Data listing:
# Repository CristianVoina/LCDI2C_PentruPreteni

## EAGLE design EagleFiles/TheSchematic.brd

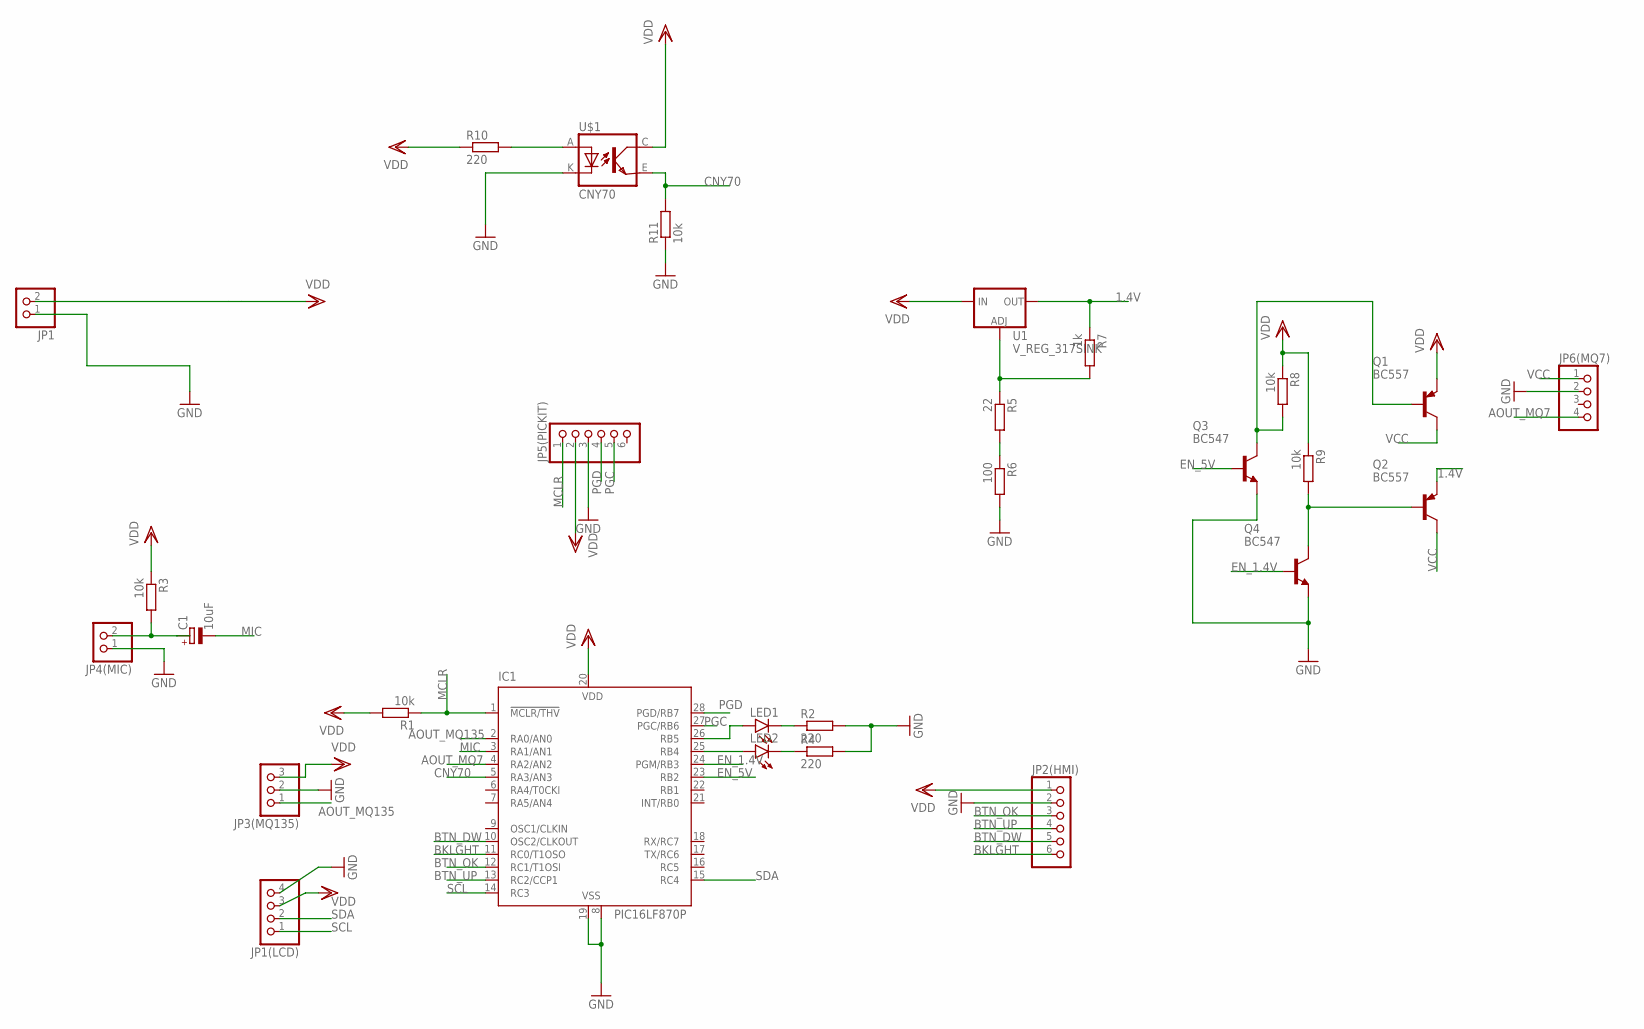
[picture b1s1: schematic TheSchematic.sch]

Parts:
C1: 10uF; E1,8-4
IC1: PIC16LF870P; DIL28-3
JP1, JP4(MIC): PINHD-1X2; 1X02
JP1(LCD), JP6(MQ7): PINHD-1X4; 1X04
JP2(HMI), JP5(PICKIT): PINHD-1X6; 1X06
JP3(MQ135): PINHD-1X3; 1X03
LED1, LED2: LED5MM
Q1, Q2: BC557; TO92-EBC
Q3, Q4: BC547; TO92
R1, R3, R8, R9: 10k; 0204/7
R2, R4, R10: 220; 0207/10
R5: 22; 0204/7
R6: 100; 0204/7
R7: 1k; 0204/7
R11: 10k; 0207/10
U1: V_REG_317SINK; TO220-ADJ
U$1: CNY70; 4

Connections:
1.4V: Q2.E, R7.1, U1.OUT
AOUT_MQ7: IC1.4 (RA2/AN2), JP6(MQ7).4
AOUT_MQ135: IC1.2 (RA0/AN0), JP3(MQ135).1
BKLGHT: IC1.11 (RC0/T1OSO), JP2(HMI).6
BTN_DW: IC1.10 (OSC2/CLKOUT), JP2(HMI).5
BTN_OK: IC1.12 (RC1/T1OSI), JP2(HMI).3
BTN_UP: IC1.13 (RC2/CCP1), JP2(HMI).4
CNY70: IC1.5 (RA3/AN3), R11.2, U$1.E (EMI)
EN_1.4V: IC1.24 (PGM/RB3), Q4.2 (B)
EN_5V: IC1.23 (RB2), Q3.2 (B)
GND: IC1.8 (VSS), IC1.19 (VSS), JP1.1, JP1(LCD).4, JP2(HMI).2, JP3(MQ135).2, JP4(MIC).1, JP5(PICKIT).3, JP6(MQ7).2, Q3.1 (E), Q4.1 (E), R2.2, R4.2, R6.2, R11.1, U$1.K (C)
MCLR: IC1.1 (!MCLR/THV), JP5(PICKIT).1, R1.1
MIC: C1.-, IC1.3 (RA1/AN1)
unnamed: R5.1, R7.2, U1.ADJ
unnamed: IC1.26 (RB5), LED1.A
unnamed: LED1.K (C), R2.1
unnamed: C1.+, JP4(MIC).2, R3.2
unnamed: IC1.25 (RB4), LED2.A
unnamed: LED2.K (C), R4.1
unnamed: R5.2, R6.1
unnamed: R10.2, U$1.A
unnamed: Q1.B, Q3.3 (C), R8.2
unnamed: Q2.B, Q4.3 (C), R9.2
PGC: IC1.27 (PGC/RB6), JP5(PICKIT).5
PGD: IC1.28 (PGD/RB7), JP5(PICKIT).4
SCL: IC1.14 (RC3), JP1(LCD).1
SDA: IC1.15 (RC4), JP1(LCD).2
VCC: JP6(MQ7).1, Q1.C, Q2.C
VDD: IC1.20 (VDD), JP1.2, JP1(LCD).3, JP2(HMI).1, JP3(MQ135).3, JP5(PICKIT).2, Q1.E, R1.2, R3.1, R8.1, R9.1, R10.1, U1.IN, U$1.C (COL)

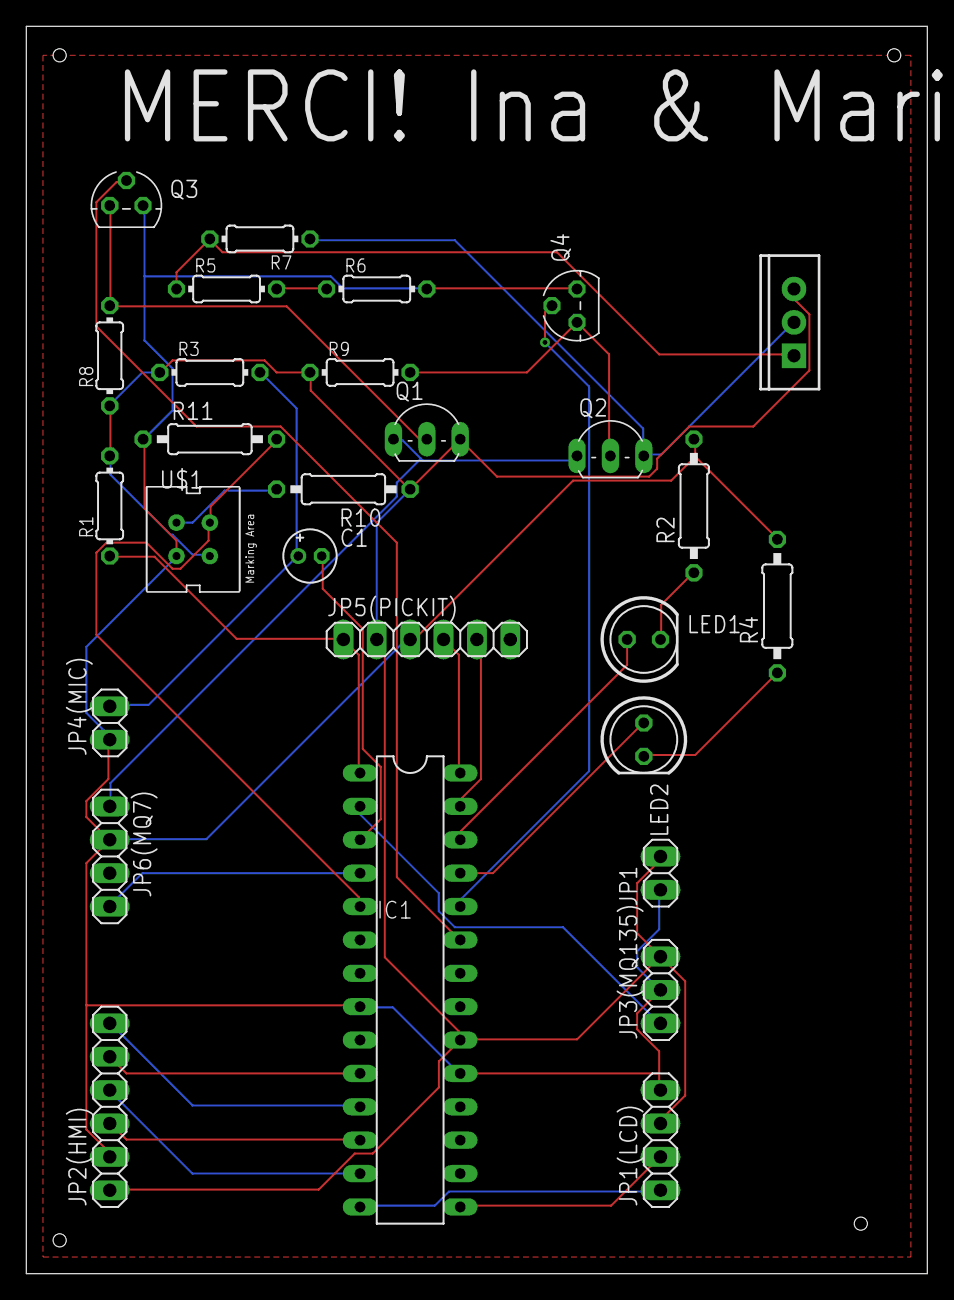
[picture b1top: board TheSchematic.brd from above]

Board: 2 copper layers, 68.6 x 94.9 mm, 28 parts (0 on the bottom side), 29 nets.

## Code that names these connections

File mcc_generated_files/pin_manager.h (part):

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// get/set channel_ANA0 aliases
#define channel_ANA0_TRIS                 TRISAbits.TRISA0
#define channel_ANA0_LAT                  LATAbits.LATA0
#define channel_ANA0_PORT                 PORTAbits.RA0
#define channel_ANA0_WPU                  WPUAbits.WPUA0
#define channel_ANA0_OD                   ODCONAbits.ODCA0
#define channel_ANA0_ANS                  ANSELAbits.ANSA0
#define channel_ANA0_SetHigh()            do { LATAbits.LATA0 = 1; } while(0)
#define channel_ANA0_SetLow()             do { LATAbits.LATA0 = 0; } while(0)
#define channel_ANA0_Toggle()             do { LATAbits.LATA0 = ~LATAbits.LATA0; } while(0)
#define channel_ANA0_GetValue()           PORTAbits.RA0
#define channel_ANA0_SetDigitalInput()    do { TRISAbits.TRISA0 = 1; } while(0)
#define channel_ANA0_SetDigitalOutput()   do { TRISAbits.TRISA0 = 0; } while(0)
#define channel_ANA0_SetPullup()          do { WPUAbits.WPUA0 = 1; } while(0)
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// get/set channel_ANA1 aliases
#define channel_ANA1_TRIS                 TRISAbits.TRISA1
#define channel_ANA1_LAT                  LATAbits.LATA1
#define channel_ANA1_PORT                 PORTAbits.RA1
#define channel_ANA1_WPU                  WPUAbits.WPUA1
#define channel_ANA1_OD                   ODCONAbits.ODCA1
#define channel_ANA1_ANS                  ANSELAbits.ANSA1
#define channel_ANA1_SetHigh()            do { LATAbits.LATA1 = 1; } while(0)
#define channel_ANA1_SetLow()             do { LATAbits.LATA1 = 0; } while(0)
#define channel_ANA1_Toggle()             do { LATAbits.LATA1 = ~LATAbits.LATA1; } while(0)
#define channel_ANA1_GetValue()           PORTAbits.RA1
#define channel_ANA1_SetDigitalInput()    do { TRISAbits.TRISA1 = 1; } while(0)
#define channel_ANA1_SetDigitalOutput()   do { TRISAbits.TRISA1 = 0; } while(0)
#define channel_ANA1_SetPullup()          do { WPUAbits.WPUA1 = 1; } while(0)
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// get/set channel_ANA2 aliases
#define channel_ANA2_TRIS                 TRISAbits.TRISA2
#define channel_ANA2_LAT                  LATAbits.LATA2
#define channel_ANA2_PORT                 PORTAbits.RA2
#define channel_ANA2_WPU                  WPUAbits.WPUA2
#define channel_ANA2_OD                   ODCONAbits.ODCA2
#define channel_ANA2_ANS                  ANSELAbits.ANSA2
#define channel_ANA2_SetHigh()            do { LATAbits.LATA2 = 1; } while(0)
#define channel_ANA2_SetLow()             do { LATAbits.LATA2 = 0; } while(0)
#define channel_ANA2_Toggle()             do { LATAbits.LATA2 = ~LATAbits.LATA2; } while(0)
#define channel_ANA2_GetValue()           PORTAbits.RA2
#define channel_ANA2_SetDigitalInput()    do { TRISAbits.TRISA2 = 1; } while(0)
#define channel_ANA2_SetDigitalOutput()   do { TRISAbits.TRISA2 = 0; } while(0)
#define channel_ANA2_SetPullup()          do { WPUAbits.WPUA2 = 1; } while(0)
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// get/set channel_ANA3 aliases
#define channel_ANA3_TRIS                 TRISAbits.TRISA3
#define channel_ANA3_LAT                  LATAbits.LATA3
#define channel_ANA3_PORT                 PORTAbits.RA3
#define channel_ANA3_WPU                  WPUAbits.WPUA3
#define channel_ANA3_OD                   ODCONAbits.ODCA3
#define channel_ANA3_ANS                  ANSELAbits.ANSA3
#define channel_ANA3_SetHigh()            do { LATAbits.LATA3 = 1; } while(0)
#define channel_ANA3_SetLow()             do { LATAbits.LATA3 = 0; } while(0)
#define channel_ANA3_Toggle()             do { LATAbits.LATA3 = ~LATAbits.LATA3; } while(0)
#define channel_ANA3_GetValue()           PORTAbits.RA3
#define channel_ANA3_SetDigitalInput()    do { TRISAbits.TRISA3 = 1; } while(0)
#define channel_ANA3_SetDigitalOutput()   do { TRISAbits.TRISA3 = 0; } while(0)
#define channel_ANA3_SetPullup()          do { WPUAbits.WPUA3 = 1; } while(0)
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// get/set EN_5V aliases
#define EN_5V_TRIS                 TRISBbits.TRISB2
#define EN_5V_LAT                  LATBbits.LATB2
#define EN_5V_PORT                 PORTBbits.RB2
#define EN_5V_WPU                  WPUBbits.WPUB2
#define EN_5V_OD                   ODCONBbits.ODCB2
#define EN_5V_ANS                  ANSELBbits.ANSB2
#define EN_5V_SetHigh()            do { LATBbits.LATB2 = 1; } while(0)
#define EN_5V_SetLow()             do { LATBbits.LATB2 = 0; } while(0)
#define EN_5V_Toggle()             do { LATBbits.LATB2 = ~LATBbits.LATB2; } while(0)
#define EN_5V_GetValue()           PORTBbits.RB2
#define EN_5V_SetDigitalInput()    do { TRISBbits.TRISB2 = 1; } while(0)
#define EN_5V_SetDigitalOutput()   do { TRISBbits.TRISB2 = 0; } while(0)
#define EN_5V_SetPullup()          do { WPUBbits.WPUB2 = 1; } while(0)
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// get/set EN_14V aliases
#define EN_14V_TRIS                 TRISBbits.TRISB3
#define EN_14V_LAT                  LATBbits.LATB3
#define EN_14V_PORT                 PORTBbits.RB3
#define EN_14V_WPU                  WPUBbits.WPUB3
#define EN_14V_OD                   ODCONBbits.ODCB3
#define EN_14V_ANS                  ANSELBbits.ANSB3
#define EN_14V_SetHigh()            do { LATBbits.LATB3 = 1; } while(0)
#define EN_14V_SetLow()             do { LATBbits.LATB3 = 0; } while(0)
#define EN_14V_Toggle()             do { LATBbits.LATB3 = ~LATBbits.LATB3; } while(0)
#define EN_14V_GetValue()           PORTBbits.RB3
#define EN_14V_SetDigitalInput()    do { TRISBbits.TRISB3 = 1; } while(0)
#define EN_14V_SetDigitalOutput()   do { TRISBbits.TRISB3 = 0; } while(0)
#define EN_14V_SetPullup()          do { WPUBbits.WPUB3 = 1; } while(0)
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// get/set IO_RB4 aliases
#define IO_RB4_TRIS                 TRISBbits.TRISB4
#define IO_RB4_LAT                  LATBbits.LATB4
#define IO_RB4_PORT                 PORTBbits.RB4
#define IO_RB4_WPU                  WPUBbits.WPUB4
#define IO_RB4_OD                   ODCONBbits.ODCB4
#define IO_RB4_ANS                  ANSELBbits.ANSB4
#define IO_RB4_SetHigh()            do { LATBbits.LATB4 = 1; } while(0)
#define IO_RB4_SetLow()             do { LATBbits.LATB4 = 0; } while(0)
#define IO_RB4_Toggle()             do { LATBbits.LATB4 = ~LATBbits.LATB4; } while(0)
#define IO_RB4_GetValue()           PORTBbits.RB4
#define IO_RB4_SetDigitalInput()    do { TRISBbits.TRISB4 = 1; } while(0)
#define IO_RB4_SetDigitalOutput()   do { TRISBbits.TRISB4 = 0; } while(0)
#define IO_RB4_SetPullup()          do { WPUBbits.WPUB4 = 1; } while(0)
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// get/set IO_RB5 aliases
#define IO_RB5_TRIS                 TRISBbits.TRISB5
#define IO_RB5_LAT                  LATBbits.LATB5
#define IO_RB5_PORT                 PORTBbits.RB5
#define IO_RB5_WPU                  WPUBbits.WPUB5
#define IO_RB5_OD                   ODCONBbits.ODCB5
#define IO_RB5_ANS                  ANSELBbits.ANSB5
#define IO_RB5_SetHigh()            do { LATBbits.LATB5 = 1; } while(0)
#define IO_RB5_SetLow()             do { LATBbits.LATB5 = 0; } while(0)
#define IO_RB5_Toggle()             do { LATBbits.LATB5 = ~LATBbits.LATB5; } while(0)
#define IO_RB5_GetValue()           PORTBbits.RB5
#define IO_RB5_SetDigitalInput()    do { TRISBbits.TRISB5 = 1; } while(0)
#define IO_RB5_SetDigitalOutput()   do { TRISBbits.TRISB5 = 0; } while(0)
#define IO_RB5_SetPullup()          do { WPUBbits.WPUB5 = 1; } while(0)
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// get/set BKLGHT aliases
#define BKLGHT_TRIS                 TRISCbits.TRISC0
#define BKLGHT_LAT                  LATCbits.LATC0
#define BKLGHT_PORT                 PORTCbits.RC0
#define BKLGHT_WPU                  WPUCbits.WPUC0
#define BKLGHT_OD                   ODCONCbits.ODCC0
#define BKLGHT_ANS                  ANSELCbits.ANSC0
#define BKLGHT_SetHigh()            do { LATCbits.LATC0 = 1; } while(0)
#define BKLGHT_SetLow()             do { LATCbits.LATC0 = 0; } while(0)
#define BKLGHT_Toggle()             do { LATCbits.LATC0 = ~LATCbits.LATC0; } while(0)
#define BKLGHT_GetValue()           PORTCbits.RC0
#define BKLGHT_SetDigitalInput()    do { TRISCbits.TRISC0 = 1; } while(0)
#define BKLGHT_SetDigitalOutput()   do { TRISCbits.TRISC0 = 0; } while(0)
#define BKLGHT_SetPullup()          do { WPUCbits.WPUC0 = 1; } while(0)
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// get/set SELECT_BTN aliases
#define SELECT_BTN_TRIS                 TRISCbits.TRISC1
#define SELECT_BTN_LAT                  LATCbits.LATC1
#define SELECT_BTN_PORT                 PORTCbits.RC1
#define SELECT_BTN_WPU                  WPUCbits.WPUC1
#define SELECT_BTN_OD                   ODCONCbits.ODCC1
#define SELECT_BTN_ANS                  ANSELCbits.ANSC1
#define SELECT_BTN_SetHigh()            do { LATCbits.LATC1 = 1; } while(0)
#define SELECT_BTN_SetLow()             do { LATCbits.LATC1 = 0; } while(0)
#define SELECT_BTN_Toggle()             do { LATCbits.LATC1 = ~LATCbits.LATC1; } while(0)
#define SELECT_BTN_GetValue()           PORTCbits.RC1
#define SELECT_BTN_SetDigitalInput()    do { TRISCbits.TRISC1 = 1; } while(0)
#define SELECT_BTN_SetDigitalOutput()   do { TRISCbits.TRISC1 = 0; } while(0)
#define SELECT_BTN_SetPullup()          do { WPUCbits.WPUC1 = 1; } while(0)
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// get/set DW_BTN aliases
#define DW_BTN_TRIS                 TRISCbits.TRISC2
#define DW_BTN_LAT                  LATCbits.LATC2
#define DW_BTN_PORT                 PORTCbits.RC2
#define DW_BTN_WPU                  WPUCbits.WPUC2
#define DW_BTN_OD                   ODCONCbits.ODCC2
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
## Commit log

2021-02-09 Initial revision
2021-02-09 Added Schematic Files
2021-02-09 Added Documentation Files

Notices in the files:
mcc_generated_files/pin_manager.h:
(c) 2018 Microchip Technology Inc. and its subsidiaries.
parts and their libraries:
SparkFun-IC-Power: Licensing: Creative Commons ShareAlike 4.0 International - https://creativecommons.org/licenses/by-sa/4.0

Exercise details: Print again, exactly, the lines of the records above from the first line through the line with "JP3(MQ135): PINHD-1X3; 1X03". No pictures.

Answer below:
# Repository CristianVoina/LCDI2C_PentruPreteni

## EAGLE design EagleFiles/TheSchematic.brd

[picture b1s1: schematic TheSchematic.sch]

Parts:
C1: 10uF; E1,8-4
IC1: PIC16LF870P; DIL28-3
JP1, JP4(MIC): PINHD-1X2; 1X02
JP1(LCD), JP6(MQ7): PINHD-1X4; 1X04
JP2(HMI), JP5(PICKIT): PINHD-1X6; 1X06
JP3(MQ135): PINHD-1X3; 1X03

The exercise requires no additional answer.